Sam Gentle.com

Open Spam Net

Spam net

I've been looking into migrating away from Gmail for a while, largely out of concern that Google can shut down my email on a whim. My mail already runs through my own mail server, but I use Gmail for its nice UI, searching, and other neat features. I still haven't found a mail client that I actually like, but I'm hopeful that something will come along.

Aside from UI, the other big advantage of Gmail over your own server is the quality of its spam filtering. This isn't even just an algorithmic thing, although I'm sure their algorithms are top-notch. Rather, it's systemic: Google has access to everyone's email, so they can do spam filtering across everyone's email at once. They can apply detection techniques in the large that are impossible for an individual mail server operator to match.

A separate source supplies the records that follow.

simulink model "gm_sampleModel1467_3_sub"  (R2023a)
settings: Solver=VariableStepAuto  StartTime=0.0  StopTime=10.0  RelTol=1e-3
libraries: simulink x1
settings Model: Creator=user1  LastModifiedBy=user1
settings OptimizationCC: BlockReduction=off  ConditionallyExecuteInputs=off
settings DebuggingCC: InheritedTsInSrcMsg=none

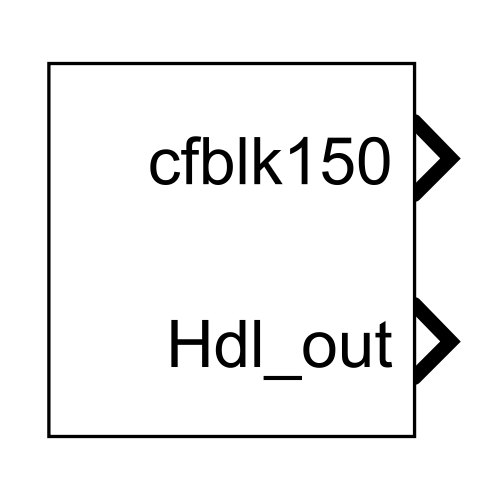
[thumbnail: Simulink's stored preview of the top-level diagram]
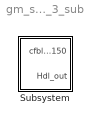
== system gm_sampleModel1467_3_sub ==
  Subsystem : Subsystem

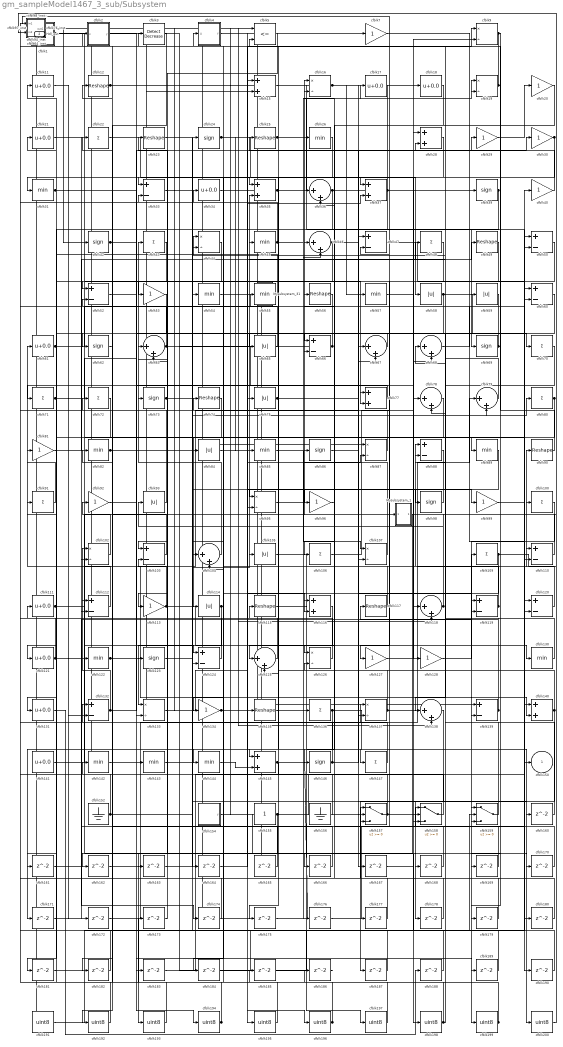
== system gm_sampleModel1467_3_sub/Subsystem ==
  Mysubsystem_1 : Subsystem
  Mysubsystem_31 : Subsystem
  cfblk1 : Subsystem  mask(Compare To Constant){relop=<=, const=double(3), OutDataTypeStr=uint8, ZeroCross=on}
      mask prompts: relop "Simulink:masks:Operator_MP"; const "Simulink:masks:ConstantValue_MP"; OutDataTypeStr "Simulink:masks:OutputDataType_MP"; ZeroCross "Simulink:masks:EnableZerocrossingDetection_MP"
      mask help: Simulink:masks:CompareToConstant_MD
      mask init:
      | OutDataTypeStr = 'uint8';
      | ZeroCross = 'on';
      | blkName = 'sampleModel1467_3_sub/Subsystem/cfblk1';
      | const = double(3);
      | const_str = '3.0';
      | const_val = double(3);
      | relop = '<=';
      | setValue = 'fixdt(0, 8)';
      | str = '<= 3';
      mask TypeOptions relop: == | ~= | < | <= | >= | >
      mask TypeOptions OutDataTypeStr: Simulink:masks:uint8 | Simulink:masks:boolean
      mask Callback ZeroCross: sl('zeroCrossEnable', gcbh);
      mask Display: disp(str)
  cfblk{22,43,48,70..72,80,91,100,106,109,136,147} (13 alike) : Sum  Inputs=+  OutDataTypeStr=uint8
  cfblk101_inst : Subsystem
  cfblk{9,16,19,44,87,95,102,107,126,133,137} (11 alike) : Product  Inputs=*/  OutDataTypeStr=uint8  RndMeth=Zero  SaturateOnIntegerOverflow=on
  cfblk{33,47,50,52,60,66,88,103,110,112,119..120,124,132,139} (15 alike) : Sum  Inputs=+-  OutDataTypeStr=uint8
  cfblk{36,46,63,67..68,78..79,104,118,125,138} (11 alike) : Sum  Inputs=|++  OutDataTypeStr=uint8
  cfblk{58..59,65,75,84,93,105,114} (8 alike) : Abs  OutDataTypeStr=uint8  SaturateOnIntegerOverflow=off
  cfblk{11,17..18,21,34,61,111,121,131,141} (10 alike) : Bias  Bias=0.0  SaturateOnIntegerOverflow=off
  cfblk{7,20,29..30,40,53,81,92,96,99,113,127..128,134} (14 alike) : Gain  OutDataTypeStr=uint8
  cfblk{12,23,25,49,56,74,90,115,117,135} (10 alike) : Reshape
  cfblk{15,28,35,37,77,116,140,145} (8 alike) : Sum  OutDataTypeStr=uint8
  cfblk{26,31,45,54..55,57,82,85,89,122,130,142..144} (14 alike) : MinMax  OutDataTypeStr=uint8
  cfblk{24,39,42,62,69,73,86,98,123,146} (10 alike) : Signum
  cfblk13_inst : Subsystem
  cfblk14_inst : Subsystem
  cfblk152 : Ground
  cfblk154 : Subsystem  mask(Counter Free-Running){NumBits=double(16), tsamp=double(-1)}
      mask prompts: NumBits "Simulink:masks:NumberOfBits_MP"; tsamp "Simulink:masks:SampleTime_MP"
      mask help: Simulink:masks:CounterFreeRunning_MD
  cfblk155 : Constant  OutDataTypeStr=uint8  SampleTime=-1
  cfblk156 : Ground
  cfblk157 : Switch  OutDataTypeStr=uint8  SaturateOnIntegerOverflow=off  InputSameDT=off
  cfblk158 : Switch  OutDataTypeStr=uint8  SaturateOnIntegerOverflow=off  InputSameDT=off
  cfblk159 : Switch  OutDataTypeStr=uint8  SaturateOnIntegerOverflow=off  InputSameDT=off
  cfblk{160..190} (31 alike) : Delay  SampleTime=1
  cfblk{191..200} (10 alike) : DataTypeConversion  OutDataTypeStr=uint8  SaturateOnIntegerOverflow=off  RndMeth=Floor
  cfblk2 : Subsystem  mask(Compare To Constant){relop=<=, const=double(3), OutDataTypeStr=uint8, ZeroCross=on}
      mask prompts: relop "Simulink:masks:Operator_MP"; const "Simulink:masks:ConstantValue_MP"; OutDataTypeStr "Simulink:masks:OutputDataType_MP"; ZeroCross "Simulink:masks:EnableZerocrossingDetection_MP"
      mask help: Simulink:masks:CompareToConstant_MD
      mask init:
      | OutDataTypeStr = 'uint8';
      | ZeroCross = 'on';
      | blkName = 'sampleModel1467_3_sub/Subsystem/cfblk2';
      | const = double(3);
      | const_str = '3.0';
      | const_val = double(3);
      | relop = '<=';
      | setValue = 'fixdt(0, 8)';
      | str = '<= 3';
      mask TypeOptions relop: == | ~= | < | <= | >= | >
      mask TypeOptions OutDataTypeStr: Simulink:masks:uint8 | Simulink:masks:boolean
      mask Callback ZeroCross: sl('zeroCrossEnable', gcbh);
      mask Display: disp(str)
  cfblk3 : simulink/Logic and Bit Operations/Detect Decrease  vinit=0.0  OutDataTypeStr=uint8
      settings: LibrarySourceBlock=|
      | hdlsllib/Logic and Bit
      | Operations/Detect
      | Decrease
  cfblk32_inst : Subsystem
  cfblk38_inst : Subsystem
  cfblk4 : Subsystem  mask(Detect Fall Nonpositive){vinit=double(0), InputProcessing=Elements as channels (sample based), OutDataTypeStr=uint8}
      mask prompts: vinit "Simulink:masks:InitialCondition_MP"; InputProcessing "Simulink:masks:InputProcessing_MP"; OutDataTypeStr "Simulink:masks:OutputDataType_MP"
      mask help: Simulink:masks:DetectFallNonpositive_MD
      mask init:
      | InputProcessing = 'Elements as channels (sample based)';
      | OutDataTypeStr = 'uint8';
      | vinit = double(0);
      mask TypeOptions InputProcessing: Simulink:masks:ColumnsAsChannelsFrameBased | Simulink:masks:ElementsAsChannelsSampleBased
      mask TypeOptions OutDataTypeStr: Simulink:masks:uint8 | Simulink:masks:boolean
      mask Display: fprintf('U <= 0\n&  NOT\nU/z <= 0')
  cfblk41_inst : Subsystem
  cfblk5 : RelationalOperator  Operator=<=  OutDataTypeStr=boolean  InputSameDT=off
  cfblk51_inst : Subsystem
  cfblk64_inst : Subsystem
  cfblk6_inst : Subsystem
  cfblk76_inst : Subsystem
  cfblk8_inst : Subsystem
  cfblk94_inst : Subsystem
  cfblk97_inst : Subsystem
  cfblk150 : Outport  OutDataTypeStr=uint8  SampleTime=1  VectorParamsAs1DForOutWhenUnconnected=off
  Hdl_out : Outport  Port=2  OutDataTypeStr=uint8  SampleTime=1
  wires:
  Mysubsystem_1/1(Out1) -> cfblk162/1
  Mysubsystem_31/1(Out1) -> cfblk165/1
  cfblk1/1(y) -> cfblk77/2, cfblk124/1
  cfblk100/1 -> cfblk199/1
  cfblk101_inst/1(out1) -> cfblk15/2, cfblk135/1
  cfblk102/1 -> cfblk92/1
  cfblk103/1 -> cfblk12/1
  cfblk104/1 -> cfblk43/1
  cfblk105/1 -> cfblk197/1
  cfblk106/1 -> cfblk14_inst/1(in1)
  cfblk107/1 -> cfblk16/1
  cfblk109/1 -> cfblk14_inst/2(in2), cfblk144/1
  cfblk11/1 -> cfblk172/1
  cfblk110/1 -> cfblk74/1
  cfblk111/1 -> cfblk66/2, cfblk200/1
  cfblk112/1 -> cfblk61/1
  cfblk113/1 -> cfblk103/2, cfblk130/1
  cfblk114/1 -> cfblk34/1, cfblk133/1
  cfblk115/1 -> cfblk147/1
  cfblk116/1 -> cfblk125/1
  cfblk117/1 -> cfblk35/2
  cfblk118/1 -> cfblk93/1, cfblk6_inst/2(in2)
  cfblk119/1 -> cfblk88/1, cfblk56/1, cfblk13_inst/1(in1)
  cfblk12/1 -> cfblk116/2, cfblk89/1
  cfblk120/1 -> cfblk90/1
  cfblk121/1 -> cfblk8_inst/1(in1), cfblk67/2
  cfblk122/1 -> cfblk47/1, cfblk139/2
  cfblk123/1 -> cfblk105/1
  cfblk124/1 -> cfblk38_inst/1(in1)
  cfblk125/1 -> cfblk22/1
  cfblk126/1 -> cfblk82/1
  cfblk127/1 -> cfblk68/2
  cfblk128/1 -> cfblk109/1
  cfblk13_inst/1(out1) -> cfblk7/1, cfblk136/1
  cfblk130/1 -> cfblk3/1
  cfblk131/1 -> cfblk188/1
  cfblk132/1 -> cfblk102/1, Mysubsystem_31/1(In1)
  cfblk133/1 -> cfblk55/1
  cfblk134/1 -> cfblk37/2, cfblk30/1
  cfblk135/1 -> cfblk17/1
  cfblk136/1 -> cfblk171/1, cfblk170/1
  cfblk137/1 -> cfblk79/1, cfblk46/1
  cfblk138/1 -> cfblk187/1
  cfblk139/1 -> cfblk117/1, cfblk44/1
  cfblk14_inst/1(out1) -> cfblk138/2
  cfblk140/1 -> cfblk73/1, cfblk178/1
  cfblk141/1 -> cfblk24/1
  cfblk142/1 -> cfblk86/1
  cfblk143/1 -> cfblk160/1
  cfblk144/1 -> cfblk145/2
  cfblk145/1 -> cfblk176/1, cfblk175/1
  cfblk146/1 -> cfblk5/2, cfblk29/1
  cfblk147/1 -> cfblk64_inst/2(in2)
  cfblk15/1 -> cfblk180/1
  cfblk152/1 -> cfblk8_inst/2(in2), cfblk124/2
  cfblk154/1(y) -> cfblk198/1
  cfblk155/1 -> cfblk193/1, cfblk40/1
  cfblk156/1 -> cfblk51_inst/1(in1)
  cfblk157/1 -> cfblk15/1, cfblk115/1
  cfblk158/1 -> cfblk142/1
  cfblk159/1 -> cfblk94_inst/1(in1)
  cfblk16/1 -> cfblk159/3, cfblk57/1
  cfblk160/1 -> cfblk126/2
  cfblk161/1 -> cfblk158/1
  cfblk162/1 -> cfblk107/2
  cfblk163/1 -> cfblk60/2
  cfblk164/1 -> cfblk87/2
  cfblk165/1 -> cfblk132/1
  cfblk166/1 -> cfblk63/1
  cfblk167/1 -> cfblk78/1
  cfblk168/1 -> cfblk36/2
  cfblk169/1 -> cfblk157/1
  cfblk17/1 -> cfblk33/1
  cfblk170/1 -> cfblk47/2
  cfblk171/1 -> cfblk119/2
  cfblk172/1 -> cfblk110/1
  cfblk173/1 -> cfblk33/2
  cfblk174/1 -> cfblk52/2
  cfblk175/1 -> cfblk137/1
  cfblk176/1 -> cfblk120/2
  cfblk177/1 -> cfblk94_inst/2(in2)
  cfblk178/1 -> cfblk157/3
  cfblk179/1 -> cfblk16/2
  cfblk18/1 -> cfblk146/1
  cfblk180/1 -> cfblk64_inst/1(in1)
  cfblk181/1 -> cfblk50/1
  cfblk182/1 -> cfblk41_inst/2(in2)
  cfblk183/1 -> cfblk46/2
  cfblk184/1 -> cfblk159/2
  cfblk185/1 -> cfblk158/3
  cfblk186/1 -> cfblk1/1(u)
  cfblk187/1 -> cfblk112/1
  cfblk188/1 -> cfblk32_inst/1(in1)
  cfblk189/1 -> cfblk38_inst/2(in2)
  cfblk19/1 -> cfblk13_inst/2(in2), cfblk169/1
  cfblk190/1 -> cfblk68/1
  cfblk191/1 -> cfblk54/1
  cfblk192/1 -> cfblk97_inst/1(in1)
  cfblk193/1 -> cfblk97_inst/2(in2)
  cfblk194/1 -> cfblk11/1, cfblk173/1
  cfblk195/1 -> cfblk2/1(u)
  cfblk196/1 -> cfblk111/1, cfblk186/1
  cfblk197/1 -> cfblk4/1(U)
  cfblk198/1 -> cfblk88/2, cfblk76_inst/2(in2)
  cfblk199/1 -> cfblk185/1, cfblk91/1
  cfblk2/1(y) -> cfblk194/1
  cfblk20/1 -> cfblk137/2
  cfblk200/1 -> cfblk100/1
  cfblk21/1 -> cfblk174/1
  cfblk22/1 -> cfblk75/1
  cfblk23/1 -> cfblk140/2
  cfblk24/1 -> cfblk58/1, cfblk128/1, cfblk85/1
  cfblk25/1 -> cfblk67/1, cfblk28/2
  cfblk26/1 -> cfblk145/1
  cfblk28/1 -> cfblk37/1
  cfblk29/1 -> cfblk20/1
  cfblk3/1 -> cfblk192/1
  cfblk30/1 -> cfblk104/2, cfblk163/1
  cfblk31/1 -> cfblk183/1, cfblk122/1
  cfblk32_inst/1(out1) -> cfblk18/1, cfblk118/2
  cfblk33/1 -> cfblk35/1
  cfblk34/1 -> cfblk195/1
  cfblk35/1 -> cfblk69/1, cfblk19/1
  cfblk36/1 -> cfblk63/2, cfblk44/2, cfblk133/2, Mysubsystem_1/1(In1)
  cfblk37/1 -> cfblk184/1, cfblk31/1
  cfblk38_inst/1(out1) -> cfblk141/1
  cfblk39/1 -> cfblk121/1, cfblk116/1
  cfblk4/1(Y) -> cfblk196/1
  cfblk40/1 -> cfblk25/1
  cfblk41_inst/1(out1) -> cfblk5/1, cfblk36/1
  cfblk42/1 -> cfblk189/1, cfblk70/1
  cfblk43/1 -> cfblk52/1
  cfblk44/1 -> cfblk181/1
  cfblk45/1 -> cfblk51_inst/2(in2), cfblk19/2
  cfblk46/1 -> cfblk119/1, cfblk102/2
  cfblk47/1 -> cfblk120/1
  cfblk48/1 -> cfblk134/1
  cfblk49/1 -> cfblk96/1
  cfblk5/1 -> cfblk53/1
  cfblk50/1 -> cfblk127/1
  cfblk51_inst/1(out1) -> cfblk177/1
  cfblk52/1 -> cfblk77/1
  cfblk53/1 -> cfblk161/1
  cfblk54/1 -> cfblk9/1
  cfblk55/1 -> cfblk21/1
  cfblk56/1 -> cfblk123/1
  cfblk57/1 -> cfblk9/2
  cfblk58/1 -> cfblk140/1, cfblk125/2, cfblk113/1
  cfblk59/1 -> cfblk78/2
  cfblk6_inst/1(out1) -> cfblk39/1
  cfblk60/1 -> cfblk126/1
  cfblk61/1 -> cfblk50/2, cfblk150/1
  cfblk62/1 -> cfblk182/1
  cfblk63/1 -> cfblk32_inst/2(in2), cfblk118/1
  cfblk64_inst/1(out1) -> cfblk42/1, cfblk87/1
  cfblk65/1 -> cfblk23/1
  cfblk66/1 -> cfblk65/1, Hdl_out/1
  cfblk67/1 -> cfblk62/1
  cfblk68/1 -> cfblk60/1
  cfblk69/1 -> cfblk66/1, cfblk179/1
  cfblk7/1 -> cfblk110/2
  cfblk70/1 -> cfblk138/1
  cfblk71/1 -> cfblk28/1, cfblk132/2, cfblk164/1
  cfblk72/1 -> cfblk131/1
  cfblk73/1 -> cfblk98/1, cfblk79/2, cfblk103/1
  cfblk74/1 -> cfblk114/1
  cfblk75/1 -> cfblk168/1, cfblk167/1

Well, maybe. Most spam filters use some kind of Bayes classifier. Essentially, when you mark some emails are spam or not spam, you know the probability of different features (keywords, usually) appearing in those emails. What you really want to know is the reverse: the probability of spam given the features. That's exactly what Bayes' theorem is for.

And there's no reason that model has to be restricted to a single user, or single server. You can chain many layers of predictions together in a Bayes network, and you could use that exact structure to federate your predictions. So: I think a certain set of features are likely to be spam. You can subscribe to my ideas of spamminess, and any time I'm wrong, not only does your prediction of those features being spammy go down, your prediction of me being right goes down too!

The nice thing about this is that there's very little benefit in spammers getting hold of it. Anyone (including a spammer) entering the network would start with a 50/50 predictiveness, which is to say there's no assumption that they have any value. They would earn that value by making successful predictions, and if spammers want to help fight spam then great.

The end result would be a massive predictive network where each user's spam predictions are combined. A place where everyone from big corporate networks to little private VPS mail servers can collaborate to fight spam together.